PROBLEM TO SOLVE>
In the records below, find the line with "#21174 = ADVANCED_FACE" and the line with "#32220 = PLANE"; return exactly those lines and every line between them.

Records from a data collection
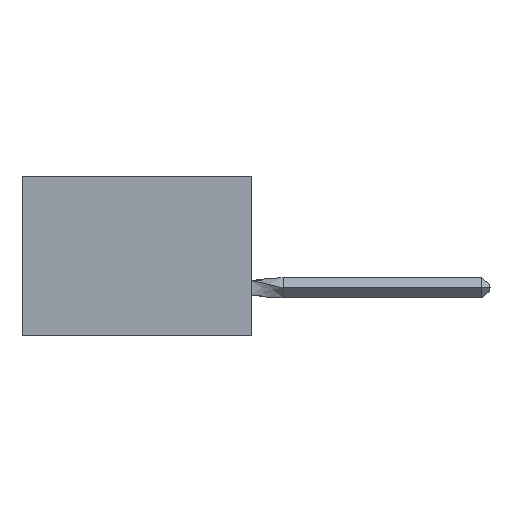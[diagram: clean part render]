
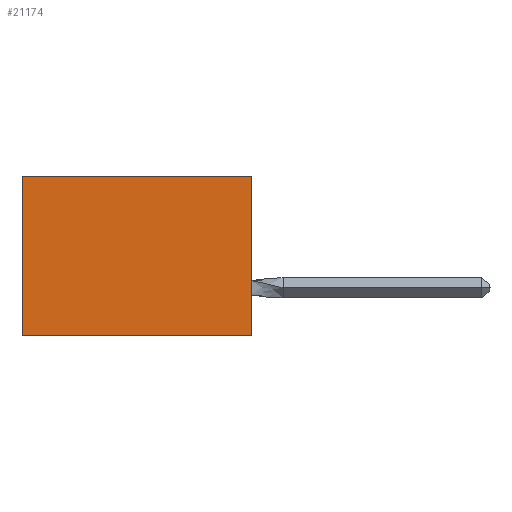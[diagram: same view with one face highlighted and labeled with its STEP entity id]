
A CAD part, left-side view. The second image highlights one B-rep face of the part: STEP entity #21174.
In plain terms, the highlighted planar face has unit normal (-1, 0, 0).
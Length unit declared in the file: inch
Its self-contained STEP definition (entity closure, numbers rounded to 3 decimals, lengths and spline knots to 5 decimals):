
#1288 = CARTESIAN_POINT ( 'NONE',  ( 0.305, 0., 0. ) ) ;
#4411 = ORIENTED_EDGE ( 'NONE', *, *, #32950, .F. ) ;
#4742 = VECTOR ( 'NONE', #14301, 39.37008 ) ;
#5193 = VECTOR ( 'NONE', #26379, 39.37008 ) ;
#7280 = CARTESIAN_POINT ( 'NONE',  ( 0.305, 0.72, -0.5 ) ) ;
#8912 = VECTOR ( 'NONE', #10352, 39.37008 ) ;
#10352 = DIRECTION ( 'NONE',  ( 0., 0., -1. ) ) ;
#11146 = ORIENTED_EDGE ( 'NONE', *, *, #37926, .T. ) ;
#12600 = VERTEX_POINT ( 'NONE', #35699 ) ;
#13214 = CARTESIAN_POINT ( 'NONE',  ( 0.305, 0., 0. ) ) ;
#13719 = CARTESIAN_POINT ( 'NONE',  ( 0.305, 0.72, 0. ) ) ;
#14301 = DIRECTION ( 'NONE',  ( 0., 0., -1. ) ) ;
#14314 = VERTEX_POINT ( 'NONE', #13719 ) ;
#16877 = VERTEX_POINT ( 'NONE', #13214 ) ;
#16970 = AXIS2_PLACEMENT_3D ( 'NONE', #20168, #18795, #29285 ) ;
#18795 = DIRECTION ( 'NONE',  ( 1., 0., 0. ) ) ;
#19570 = ORIENTED_EDGE ( 'NONE', *, *, #33365, .T. ) ;
#20035 = FACE_OUTER_BOUND ( 'NONE', #41342, .T. ) ;
#20168 = CARTESIAN_POINT ( 'NONE',  ( 0.305, 0., -0.5 ) ) ;
#20886 = VERTEX_POINT ( 'NONE', #35160 ) ;
#21174 = ADVANCED_FACE ( 'NONE', ( #20035 ), #32220, .F. ) ;
#26092 = CARTESIAN_POINT ( 'NONE',  ( 0.305, 0., -0.5 ) ) ;
#26379 = DIRECTION ( 'NONE',  ( 0., 1., 0. ) ) ;
#28669 = LINE ( 'NONE', #38314, #4742 ) ;
#29285 = DIRECTION ( 'NONE',  ( 0., 0., -1. ) ) ;
#31258 = LINE ( 'NONE', #26092, #5193 ) ;
#32220 = PLANE ( 'NONE',  #16970 ) ;
#32950 = EDGE_CURVE ( 'NONE', #12600, #20886, #31258, .T. ) ;
#33365 = EDGE_CURVE ( 'NONE', #16877, #14314, #36166, .T. ) ;
#35160 = CARTESIAN_POINT ( 'NONE',  ( 0.305, 0.72, -0.5 ) ) ;
#35699 = CARTESIAN_POINT ( 'NONE',  ( 0.305, 0., -0.5 ) ) ;
#36108 = DIRECTION ( 'NONE',  ( 0., 1., 0. ) ) ;
#36166 = LINE ( 'NONE', #1288, #38894 ) ;
#37926 = EDGE_CURVE ( 'NONE', #14314, #20886, #44368, .T. ) ;
#38314 = CARTESIAN_POINT ( 'NONE',  ( 0.305, 0., -0.5 ) ) ;
#38716 = ORIENTED_EDGE ( 'NONE', *, *, #41051, .F. ) ;
#38894 = VECTOR ( 'NONE', #36108, 39.37008 ) ;
#41051 = EDGE_CURVE ( 'NONE', #16877, #12600, #28669, .T. ) ;
#41342 = EDGE_LOOP ( 'NONE', ( #11146, #4411, #38716, #19570 ) ) ;
#44368 = LINE ( 'NONE', #7280, #8912 ) ;

OUTPUT OF THE EXERCISE>
#21174 = ADVANCED_FACE ( 'NONE', ( #20035 ), #32220, .F. ) ;
#26092 = CARTESIAN_POINT ( 'NONE',  ( 0.305, 0., -0.5 ) ) ;
#26379 = DIRECTION ( 'NONE',  ( 0., 1., 0. ) ) ;
#28669 = LINE ( 'NONE', #38314, #4742 ) ;
#29285 = DIRECTION ( 'NONE',  ( 0., 0., -1. ) ) ;
#31258 = LINE ( 'NONE', #26092, #5193 ) ;
#32220 = PLANE ( 'NONE',  #16970 ) ;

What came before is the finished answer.